VASCFLAP | A new reconstructing technique using tissue engineering methods to create an engineered autologous vascularized tissue flap

Summary
"Abdominal wall defects are often the consequence of severe trauma, cancer treatment and burns. These defects involve a significant loss of tissue, and often require surgical reconstruction where tissue is lifted from the patient's donor site and moved to his injured site with an intact blood supply (autologous muscle free flap). The current transfer surgery is complicated and involved with donor-site morbidity after tissue harvesting, and scant availability.
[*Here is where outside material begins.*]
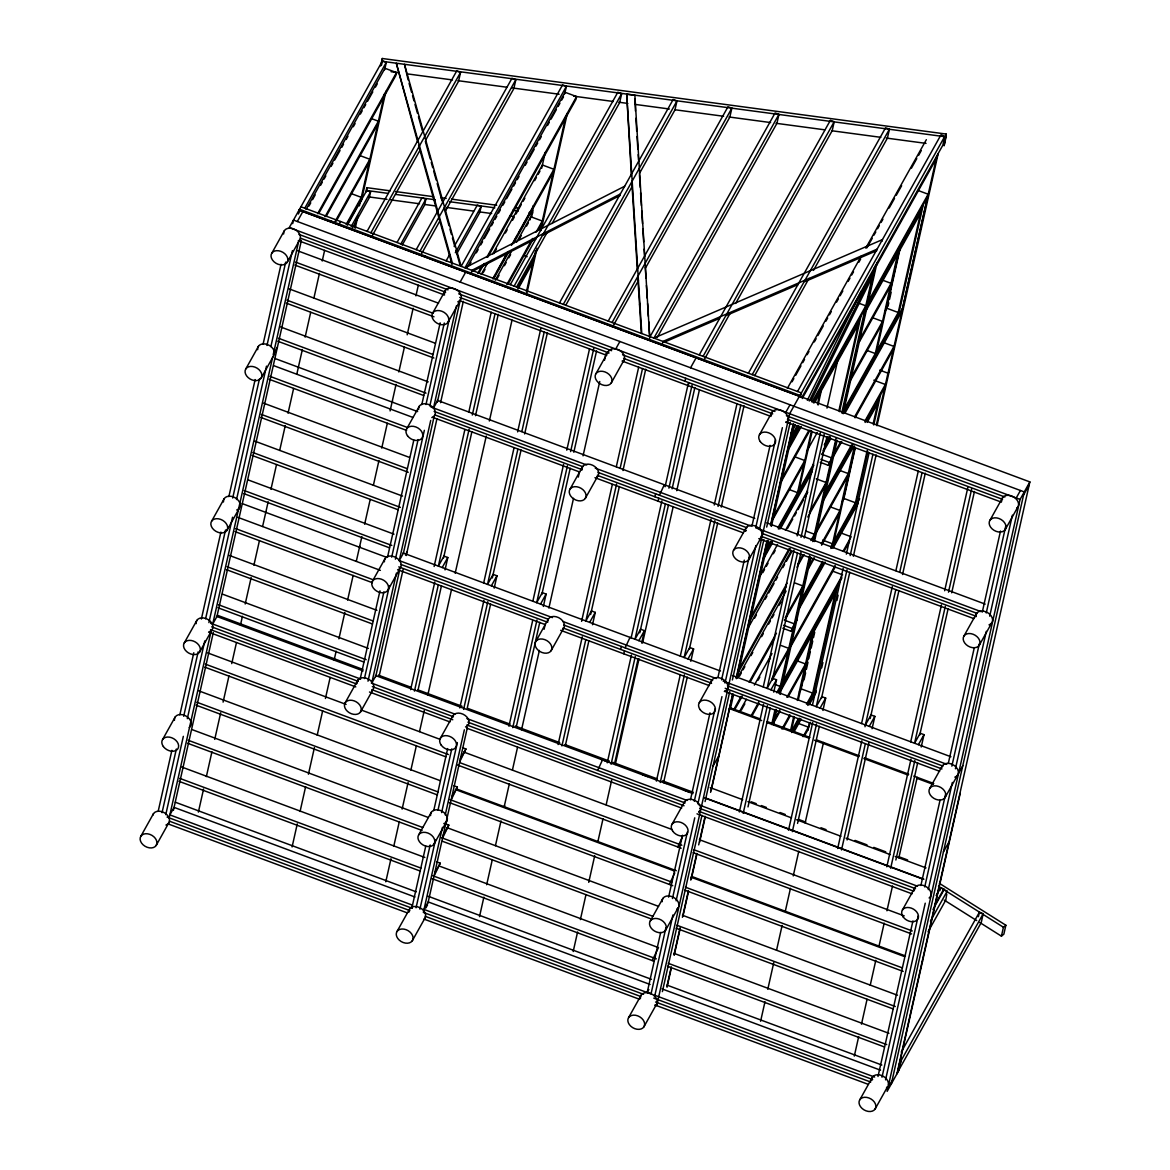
<?xml version="1.0" encoding="UTF-8"?>
<svg xmlns="http://www.w3.org/2000/svg" width="1170" height="1170" viewBox="0 0 1170 1170"><rect width="100%" height="100%" fill="white"/><g stroke="black" fill="none" stroke-linecap="round" stroke-linejoin="round"><path stroke-width="1.5" d="M382.312 58.5L382.224 61.323L946.091 136.875L944.088 145.811L946.179 134.053L382.312 58.5L380.645 65.929M946.091 136.875L946.179 134.053M390.268 190.842L366.81 187.668L366.722 190.491L347.3 225.24M946.779 894.026L945.784 900.096L928.059 931.832M158.33 810.664L171.888 750.336M179.844 714.855L193.796 652.743M201.372 619.032L220.896 532.101M228.867 496.606L255.148 379.548M263.118 344.068L281.049 264.259M292.675 223.631L293.48 220.077L1024.262 491.912L891.335 1083.873M162.045 812.682L176.334 749.063M183.69 716.274L198.154 651.851M205.584 618.813L225.532 529.981M232.698 498.04L259.447 378.934M266.965 345.501L285.685 262.139M298.248 213.715L299.067 210.073L1029.863 481.908L896.922 1073.855M298.54 213.73L299.549 209.269L799.987 395.431M165.76 814.656L183.339 736.354M187.317 718.672L204.779 640.911M208.889 622.601L232.552 517.228M236.53 499.531L266.482 366.151M270.87 346.598L292.427 250.614M169.197 817.874L210.732 632.941M272.815 356.484L212.735 624.019L216.933 616.517L301.392 240.406M298.789 240.786L273.21 354.7L277.407 347.197M173.394 810.371L213.32 632.546M198.388 812.097L203.565 789.033M206.359 776.617L211.931 751.783M214.724 739.367L220.706 712.764M223.09 702.117L228.984 675.865M231.733 663.609L236.457 642.608M240.45 625.131L242.424 616.327M245.203 603.998L251.14 577.571M253.905 565.227L259.447 540.569M262.606 526.471L268.164 501.754M270.943 489.367L276.515 464.578M279.688 450.421L285.261 425.631M288.039 413.244L293.611 388.455M296.785 374.298L302.357 349.508M305.136 337.121L310.693 312.332M313.882 298.174L319.439 273.385M322.233 260.998L324.616 250.38M381.464 65.359L382.473 60.898L386.305 62.332L384.637 69.761M354.583 227.214L356.587 218.322M359.38 205.876L384.55 93.79M355.183 228.282L357.991 215.821M361.179 201.591L385.954 91.289M365.815 192.129L366.81 187.668M306.101 209.386L384.974 68.284L396.498 72.569L395.826 75.538L318.737 213.481M388.367 193.416L366.722 190.491L370.554 191.924L369.223 197.876L352.448 227.887M397.069 242.424L422.034 197.774L425.865 199.192L424.534 205.145L402.246 245.013M367.058 231.367L456.724 70.931L460.556 72.364L458.552 81.286L425.704 140.049M292.09 846.948L297.268 823.899M300.061 811.483L305.633 786.635M308.427 774.218L314.408 747.615M317.187 735.228L322.686 710.716M325.435 698.475L330.159 677.459M334.152 659.982L336.141 651.178M338.905 638.849L344.843 612.422M347.607 600.093L353.15 575.421M356.309 561.322L361.866 536.606M364.645 524.218L370.217 499.429M373.391 485.272L378.963 460.483M381.742 448.095L387.314 423.306M390.093 410.919L396.06 384.36M398.838 371.972L404.396 347.183M407.189 334.795L413.142 308.236M415.935 295.849L418.319 285.231M360.199 678.878L379.972 590.835M387.489 557.344L413.814 440.11M421.8 404.586L440.154 322.861M364.44 678.541L383.906 591.83M391.687 557.169L418.099 439.569M425.968 404.542L444.278 323.022M367.994 681.189L389.405 585.863M395.401 559.172L424.344 430.311M429.814 405.975L449.47 318.43M396.44 573.081L371.724 683.163L375.906 675.66M430.721 420.44L399.248 560.606L403.431 553.103L434.172 416.257M456.475 305.765L433.514 407.964L437.712 400.462M454.165 246.504L477.301 205.101L481.148 206.52L479.817 212.472L456.666 253.89M375.687 676.684L399.453 570.843M437.361 402.027L460.278 300.017M379.299 675.485L403.065 569.658M406.239 555.545L436.966 418.684M440.563 402.685L463.32 301.348M416.213 249.649L511.992 78.258L515.838 79.692L513.835 88.613L445.536 210.805M434.128 566.485L464.87 429.595M468.863 411.811L491.21 312.258M410.626 689.671L434.801 581.987M469.111 429.244L438.37 566.134L443.971 556.086L447.803 557.52L445.039 569.878M472.3 415.028L495.056 313.692M443.562 557.9L471.905 431.686M475.503 415.686L498.259 314.35M414.458 691.104L438.253 585.175M418.07 689.92L441.47 585.76M530.083 219.843L533.271 205.642M541.651 168.348L545.235 152.363M531.487 217.342L533.081 210.249M385.793 881.814L390.97 858.751M393.763 846.334L399.336 821.501M402.129 809.084L408.111 782.467M410.889 770.079L416.388 745.582M419.533 731.572L424.257 710.57M427.854 694.848L451.605 589.139M455.174 573.241L486.281 436.03M489.353 420.995L512.021 320.083M564.715 93.775L566.397 86.346L562.551 84.913L461.141 266.365L404.484 64.306L408.096 79.852M526.441 291.623L535.626 250.775M540.408 229.466L565.929 115.801M527.041 292.675L537.015 248.274M541.008 230.519L567.333 113.3M467.21 267.374L565.052 92.284L576.576 96.569L575.903 99.552L487.846 257.122M483.678 582.982L514.025 447.876M517.623 431.876L540.774 328.77M411.84 908.125L425.763 846.085M433.734 810.634L447.657 748.595M459.781 707.952L483.956 600.268M517.857 449.309L487.524 584.415L493.126 574.368L496.957 575.801L494.193 588.159M521.849 431.525L544.211 331.973M416.067 907.788L430.18 844.945M437.975 810.283L451.752 748.917M492.321 577.965L521.059 449.967M524.657 433.968L547.414 332.631M463.612 709.386L487.802 601.702M419.913 909.207L435.445 840.075M441.616 812.594L457.338 742.584M490.625 604.042L467.225 708.201L510.047 724.128M442.465 827.322L423.35 912.41L643.544 994.324M445.243 814.92L464.358 729.831M427.942 903.138L467.356 727.638M436.834 861.924L440.256 863.197L433.997 876.184M445.39 823.841L448.812 825.113L442.553 838.1M453.945 785.772L457.368 787.044L451.108 800.031M462.486 747.688L465.923 748.961L459.649 761.948M510.296 284.646L617.833 92.24L621.665 93.659L619.661 102.594L552.123 223.441M649.745 338.13L634.871 95.179L626.696 94.243L631.405 175.792M635.076 98.66L635.442 111.048M532.833 601.278L563.574 464.388M566.777 450.172L589.534 348.835M508.935 726.234L532.716 620.319M567.421 465.821L536.679 602.696L542.28 592.663L546.112 594.082L543.348 606.44M570.609 451.591L593.76 348.484M541.871 594.477L570.214 468.249M573.812 452.249L596.568 350.927M512.767 727.667L536.957 619.983M516.379 726.482L539.779 622.338M479.495 916.666L483.883 897.156M486.676 884.739L492.248 859.906M495.436 845.705L501.009 820.872M509.316 783.929L504.197 806.686L504.709 805.779M512.46 769.933L517.564 747.177M521.557 729.7L539.37 650.418M544.109 629.27L545.308 623.99M548.876 608.093L573.519 498.332M578.287 477.097L579.486 471.773M583.055 455.847L599.757 381.493M604.524 360.258L606.118 353.164M559.45 302.928L673.145 99.508L676.977 100.942L674.973 109.863L639.449 173.438M639.551 304.975L639.873 303.483M581.592 621.343L612.334 484.453M616.327 466.669L638.688 367.117M558.09 744.529L582.265 636.846M616.575 484.102L585.834 620.992L591.435 610.945L595.267 612.378L592.503 624.736M620.173 468.102L642.52 368.55M590.631 614.528L619.369 486.53M622.966 470.53L645.723 369.208M561.922 745.948L585.717 640.034M565.534 744.764L588.934 640.619M662.615 342.912L662.951 341.421L877.105 249.151M608.224 321.077L728.003 106.748L731.85 108.181L729.846 117.102L645.547 267.915M620.641 649.409L621.314 646.44M654.922 496.767L655.595 493.798M597.621 770.416L602.491 759.944M623.815 653.811L624.487 650.842M625.146 647.858L630.016 637.387M658.096 501.169L658.754 498.201M659.427 495.217L664.297 484.746M685.02 381.244L685.693 378.261M631.142 637.84L661.884 500.965M665.087 486.735L688.238 383.628M688.194 385.647L688.867 382.663M607.245 762.811L631.434 655.127M665.335 504.168L634.988 639.273L640.59 629.226L644.436 630.659L641.657 643.017M668.918 488.168L692.084 385.062M639.785 632.824L668.523 504.826M672.121 488.826L694.878 387.489M611.091 764.244L635.266 656.56M614.689 763.059L638.089 658.9M573.198 951.517L577.585 932.007M580.378 919.591L585.951 894.757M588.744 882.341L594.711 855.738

We propose a robust engineered transplant performed by a novel reconstruction technique to overcome these disadvantages. The proposed transplant uses an alternative biomaterial implantation, offering the possibility to repair a full-thickness defect of the abdominal wall without the need to transfer tissue (skin+subcutis+fascia+muscle) from another site and minimal postoperative scarification (skin only). We name this technique ""an Engineered Autologous Vascularized Axial Flap"". The key idea of this approach is the use of a polymeric scaffold upon which human cells will be seeded. The engineered tissue cultured in vitro will contain also a network of blood vessels. Then, this engineered construct will be implanted around large blood vessels adjacent to the injured site. Once highly vascularized, it will be possible to transfer the implanted engineered vascularized construct as a flap for covering the defects. Once developed, this autologous cost-effective engineered tissue product may be used in reconstructive surgery of the abdominal wall and breast (thousands of cases in the EU alone) which improves the patients’ quality of life and reduces surgical costs and risks. Here we describe a plan to develop this product by identifying the most cost-effective niche where we can go to market in. We plan to complete a set of feasibility studies in large animal model using human cells (which could later be isolated from the patient = autologous cells) and proceed establishing our portfolio of intellectual property."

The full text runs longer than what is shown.